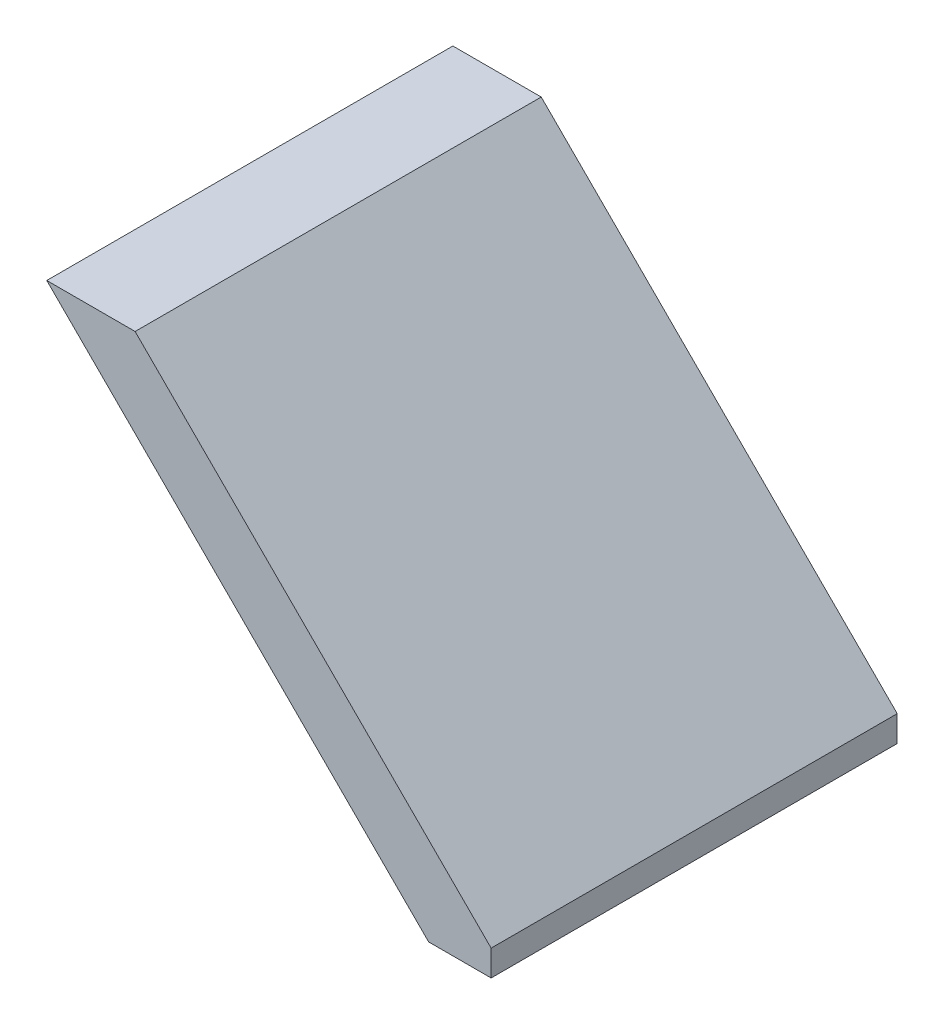
ISO-10303-21;
HEADER;
FILE_DESCRIPTION(('STEP AP214'),'2;1');
FILE_NAME('part.step','',(''),(''),'','','');
FILE_SCHEMA(('AUTOMOTIVE_DESIGN { 1 0 10303 214 1 1 1 1 }'));
ENDSEC;
DATA;
#1=APPLICATION_CONTEXT('core data for automotive mechanical design processes');
#2=APPLICATION_PROTOCOL_DEFINITION('international standard','automotive_design',2000,#1);
#3=PRODUCT_CONTEXT('',#1,'mechanical');
#4=PRODUCT('Part','Part','',(#3));
#5=PRODUCT_RELATED_PRODUCT_CATEGORY('part','',(#4));
#6=PRODUCT_DEFINITION_FORMATION('','',#4);
#7=PRODUCT_DEFINITION_CONTEXT('part definition',#1,'design');
#8=PRODUCT_DEFINITION('design','',#6,#7);
#9=PRODUCT_DEFINITION_SHAPE('','',#8);
#10=(LENGTH_UNIT() NAMED_UNIT(*) SI_UNIT(.MILLI.,.METRE.));
#11=(NAMED_UNIT(*) PLANE_ANGLE_UNIT() SI_UNIT($,.RADIAN.));
#12=(NAMED_UNIT(*) SI_UNIT($,.STERADIAN.) SOLID_ANGLE_UNIT());
#13=UNCERTAINTY_MEASURE_WITH_UNIT(LENGTH_MEASURE(1.E-05),#10,'distance_accuracy_value','');
#14=(GEOMETRIC_REPRESENTATION_CONTEXT(3) GLOBAL_UNCERTAINTY_ASSIGNED_CONTEXT((#13)) GLOBAL_UNIT_ASSIGNED_CONTEXT((#10,
#11,#12)) REPRESENTATION_CONTEXT('',''));
#15=CARTESIAN_POINT('',(0.,0.,0.));
#16=DIRECTION('',(0.,0.,1.));
#17=DIRECTION('',(1.,0.,0.));
#18=AXIS2_PLACEMENT_3D('',#15,#16,#17);
#19=CARTESIAN_POINT('',(-220.805892875932,103.45,-26.));
#20=DIRECTION('',(0.,0.,-1.));
#21=DIRECTION('',(0.,-1.,0.));
#22=AXIS2_PLACEMENT_3D('',#19,#20,#21);
#23=PLANE('',#22);
#24=DIRECTION('',(0.,1.,0.));
#25=VECTOR('',#24,1.);
#26=CARTESIAN_POINT('',(-75.,76.6568542494924,-26.));
#27=LINE('',#26,#25);
#28=CARTESIAN_POINT('',(-75.,75.,-26.));
#29=VERTEX_POINT('',#28);
#30=CARTESIAN_POINT('',(-75.,76.6568542494924,-26.));
#31=VERTEX_POINT('',#30);
#32=EDGE_CURVE('E41',#29,#31,#27,.T.);
#33=ORIENTED_EDGE('',*,*,#32,.F.);
#34=DIRECTION('',(1.,0.,0.));
#35=VECTOR('',#34,1.);
#36=CARTESIAN_POINT('',(-79.,75.,-26.));
#37=LINE('',#36,#35);
#38=CARTESIAN_POINT('',(-79.,75.,-26.));
#39=VERTEX_POINT('',#38);
#40=EDGE_CURVE('E109',#39,#29,#37,.T.);
#41=ORIENTED_EDGE('',*,*,#40,.F.);
#42=DIRECTION('',(0.707106781186541,-0.707106781186554,0.));
#43=VECTOR('',#42,1.);
#44=CARTESIAN_POINT('',(-79.,75.,-26.));
#45=LINE('',#44,#43);
#46=CARTESIAN_POINT('',(-103.45,99.45,-26.));
#47=VERTEX_POINT('',#46);
#48=EDGE_CURVE('E67',#47,#39,#45,.T.);
#49=ORIENTED_EDGE('',*,*,#48,.F.);
#50=DIRECTION('',(-1.,0.,0.));
#51=VECTOR('',#50,1.);
#52=CARTESIAN_POINT('',(-103.45,99.45,-26.));
#53=LINE('',#52,#51);
#54=CARTESIAN_POINT('',(-97.7931457505072,99.45,-26.));
#55=VERTEX_POINT('',#54);
#56=EDGE_CURVE('E72',#55,#47,#53,.T.);
#57=ORIENTED_EDGE('',*,*,#56,.F.);
#58=DIRECTION('',(-0.707106781186541,0.707106781186554,0.));
#59=VECTOR('',#58,1.);
#60=CARTESIAN_POINT('',(-97.7931457505072,99.45,-26.));
#61=LINE('',#60,#59);
#62=EDGE_CURVE('E90',#31,#55,#61,.T.);
#63=ORIENTED_EDGE('',*,*,#62,.F.);
#64=EDGE_LOOP('',(#33,#41,#49,#57,#63));
#65=FACE_BOUND('',#64,.T.);
#66=ADVANCED_FACE('F33',(#65),#23,.T.);
#67=CARTESIAN_POINT('',(0.,0.,0.));
#68=DIRECTION('',(0.,0.,1.));
#69=DIRECTION('',(1.,0.,0.));
#70=AXIS2_PLACEMENT_3D('',#67,#68,#69);
#71=PLANE('',#70);
#72=DIRECTION('',(0.,1.,0.));
#73=VECTOR('',#72,1.);
#74=CARTESIAN_POINT('',(-75.,76.6568542494924,0.));
#75=LINE('',#74,#73);
#76=CARTESIAN_POINT('',(-75.,75.,0.));
#77=VERTEX_POINT('',#76);
#78=CARTESIAN_POINT('',(-75.,76.6568542494924,0.));
#79=VERTEX_POINT('',#78);
#80=EDGE_CURVE('E100',#77,#79,#75,.T.);
#81=ORIENTED_EDGE('',*,*,#80,.T.);
#82=DIRECTION('',(-0.707106781186541,0.707106781186554,0.));
#83=VECTOR('',#82,1.);
#84=CARTESIAN_POINT('',(-97.7931457505072,99.45,0.));
#85=LINE('',#84,#83);
#86=CARTESIAN_POINT('',(-97.7931457505072,99.45,0.));
#87=VERTEX_POINT('',#86);
#88=EDGE_CURVE('E88',#79,#87,#85,.T.);
#89=ORIENTED_EDGE('',*,*,#88,.T.);
#90=DIRECTION('',(-1.,0.,0.));
#91=VECTOR('',#90,1.);
#92=CARTESIAN_POINT('',(-103.45,99.45,0.));
#93=LINE('',#92,#91);
#94=CARTESIAN_POINT('',(-103.45,99.45,0.));
#95=VERTEX_POINT('',#94);
#96=EDGE_CURVE('E92',#87,#95,#93,.T.);
#97=ORIENTED_EDGE('',*,*,#96,.T.);
#98=DIRECTION('',(0.707106781186541,-0.707106781186554,0.));
#99=VECTOR('',#98,1.);
#100=CARTESIAN_POINT('',(-79.,75.,0.));
#101=LINE('',#100,#99);
#102=CARTESIAN_POINT('',(-79.,75.,0.));
#103=VERTEX_POINT('',#102);
#104=EDGE_CURVE('E96',#95,#103,#101,.T.);
#105=ORIENTED_EDGE('',*,*,#104,.T.);
#106=DIRECTION('',(1.,0.,0.));
#107=VECTOR('',#106,1.);
#108=CARTESIAN_POINT('',(-79.,75.,0.));
#109=LINE('',#108,#107);
#110=EDGE_CURVE('E106',#103,#77,#109,.T.);
#111=ORIENTED_EDGE('',*,*,#110,.T.);
#112=EDGE_LOOP('',(#81,#89,#97,#105,#111));
#113=FACE_BOUND('',#112,.T.);
#114=ADVANCED_FACE('F98',(#113),#71,.T.);
#115=CARTESIAN_POINT('',(-97.7931457505072,99.45,-63.5127311722296));
#116=DIRECTION('',(0.707106781186554,0.707106781186541,0.));
#117=DIRECTION('',(-0.707106781186541,0.707106781186554,0.));
#118=AXIS2_PLACEMENT_3D('',#115,#116,#117);
#119=PLANE('',#118);
#120=DIRECTION('',(0.,0.,1.));
#121=VECTOR('',#120,1.);
#122=CARTESIAN_POINT('',(-75.,76.6568542494924,-63.5127311722296));
#123=LINE('',#122,#121);
#124=EDGE_CURVE('E11',#31,#79,#123,.T.);
#125=ORIENTED_EDGE('',*,*,#124,.F.);
#126=ORIENTED_EDGE('',*,*,#62,.T.);
#127=DIRECTION('',(0.,0.,1.));
#128=VECTOR('',#127,1.);
#129=CARTESIAN_POINT('',(-97.7931457505072,99.45,-63.5127311722296));
#130=LINE('',#129,#128);
#131=EDGE_CURVE('E85',#55,#87,#130,.T.);
#132=ORIENTED_EDGE('',*,*,#131,.T.);
#133=ORIENTED_EDGE('',*,*,#88,.F.);
#134=EDGE_LOOP('',(#125,#126,#132,#133));
#135=FACE_BOUND('',#134,.T.);
#136=ADVANCED_FACE('F86',(#135),#119,.T.);
#137=CARTESIAN_POINT('',(-103.45,99.45,-63.5127311722296));
#138=DIRECTION('',(0.,1.,0.));
#139=DIRECTION('',(0.,0.,1.));
#140=AXIS2_PLACEMENT_3D('',#137,#138,#139);
#141=PLANE('',#140);
#142=ORIENTED_EDGE('',*,*,#131,.F.);
#143=ORIENTED_EDGE('',*,*,#56,.T.);
#144=DIRECTION('',(0.,0.,1.));
#145=VECTOR('',#144,1.);
#146=CARTESIAN_POINT('',(-103.45,99.45,-63.5127311722296));
#147=LINE('',#146,#145);
#148=EDGE_CURVE('E80',#47,#95,#147,.T.);
#149=ORIENTED_EDGE('',*,*,#148,.T.);
#150=ORIENTED_EDGE('',*,*,#96,.F.);
#151=EDGE_LOOP('',(#142,#143,#149,#150));
#152=FACE_BOUND('',#151,.T.);
#153=ADVANCED_FACE('F93',(#152),#141,.T.);
#154=CARTESIAN_POINT('',(-79.,75.,-63.5127311722296));
#155=DIRECTION('',(-0.707106781186554,-0.707106781186541,0.));
#156=DIRECTION('',(0.707106781186541,-0.707106781186554,0.));
#157=AXIS2_PLACEMENT_3D('',#154,#155,#156);
#158=PLANE('',#157);
#159=ORIENTED_EDGE('',*,*,#148,.F.);
#160=ORIENTED_EDGE('',*,*,#48,.T.);
#161=DIRECTION('',(0.,0.,1.));
#162=VECTOR('',#161,1.);
#163=CARTESIAN_POINT('',(-79.,75.,-63.5127311722296));
#164=LINE('',#163,#162);
#165=EDGE_CURVE('E112',#39,#103,#164,.T.);
#166=ORIENTED_EDGE('',*,*,#165,.T.);
#167=ORIENTED_EDGE('',*,*,#104,.F.);
#168=EDGE_LOOP('',(#159,#160,#166,#167));
#169=FACE_BOUND('',#168,.T.);
#170=ADVANCED_FACE('F119',(#169),#158,.T.);
#171=CARTESIAN_POINT('',(-79.,75.,-63.5127311722296));
#172=DIRECTION('',(0.,-1.,0.));
#173=DIRECTION('',(1.,0.,0.));
#174=AXIS2_PLACEMENT_3D('',#171,#172,#173);
#175=PLANE('',#174);
#176=ORIENTED_EDGE('',*,*,#165,.F.);
#177=ORIENTED_EDGE('',*,*,#40,.T.);
#178=DIRECTION('',(0.,0.,1.));
#179=VECTOR('',#178,1.);
#180=CARTESIAN_POINT('',(-75.,75.,-63.5127311722296));
#181=LINE('',#180,#179);
#182=EDGE_CURVE('E108',#29,#77,#181,.T.);
#183=ORIENTED_EDGE('',*,*,#182,.T.);
#184=ORIENTED_EDGE('',*,*,#110,.F.);
#185=EDGE_LOOP('',(#176,#177,#183,#184));
#186=FACE_BOUND('',#185,.T.);
#187=ADVANCED_FACE('F122',(#186),#175,.T.);
#188=CARTESIAN_POINT('',(-75.,76.6568542494924,-63.5127311722296));
#189=DIRECTION('',(1.,0.,0.));
#190=DIRECTION('',(0.,0.,-1.));
#191=AXIS2_PLACEMENT_3D('',#188,#189,#190);
#192=PLANE('',#191);
#193=ORIENTED_EDGE('',*,*,#182,.F.);
#194=ORIENTED_EDGE('',*,*,#32,.T.);
#195=ORIENTED_EDGE('',*,*,#124,.T.);
#196=ORIENTED_EDGE('',*,*,#80,.F.);
#197=EDGE_LOOP('',(#193,#194,#195,#196));
#198=FACE_BOUND('',#197,.T.);
#199=ADVANCED_FACE('F125',(#198),#192,.T.);
#200=CLOSED_SHELL('',(#66,#114,#136,#153,#170,#187,#199));
#201=MANIFOLD_SOLID_BREP('B2',#200);
#202=ADVANCED_BREP_SHAPE_REPRESENTATION('',(#18,#201),#14);
#203=SHAPE_DEFINITION_REPRESENTATION(#9,#202);
ENDSEC;
END-ISO-10303-21;

#### [Directions for this task]
Give the exact lines, and only those, from the line containing "#78=CARTESIAN_POINT('',(-75.,76.6568542494924,0.));" through the line containing "#99=VECTOR('',#98,1.);" in the entries above.

#### [Your response]
#78=CARTESIAN_POINT('',(-75.,76.6568542494924,0.));
#79=VERTEX_POINT('',#78);
#80=EDGE_CURVE('E100',#77,#79,#75,.T.);
#81=ORIENTED_EDGE('',*,*,#80,.T.);
#82=DIRECTION('',(-0.707106781186541,0.707106781186554,0.));
#83=VECTOR('',#82,1.);
#84=CARTESIAN_POINT('',(-97.7931457505072,99.45,0.));
#85=LINE('',#84,#83);
#86=CARTESIAN_POINT('',(-97.7931457505072,99.45,0.));
#87=VERTEX_POINT('',#86);
#88=EDGE_CURVE('E88',#79,#87,#85,.T.);
#89=ORIENTED_EDGE('',*,*,#88,.T.);
#90=DIRECTION('',(-1.,0.,0.));
#91=VECTOR('',#90,1.);
#92=CARTESIAN_POINT('',(-103.45,99.45,0.));
#93=LINE('',#92,#91);
#94=CARTESIAN_POINT('',(-103.45,99.45,0.));
#95=VERTEX_POINT('',#94);
#96=EDGE_CURVE('E92',#87,#95,#93,.T.);
#97=ORIENTED_EDGE('',*,*,#96,.T.);
#98=DIRECTION('',(0.707106781186541,-0.707106781186554,0.));
#99=VECTOR('',#98,1.);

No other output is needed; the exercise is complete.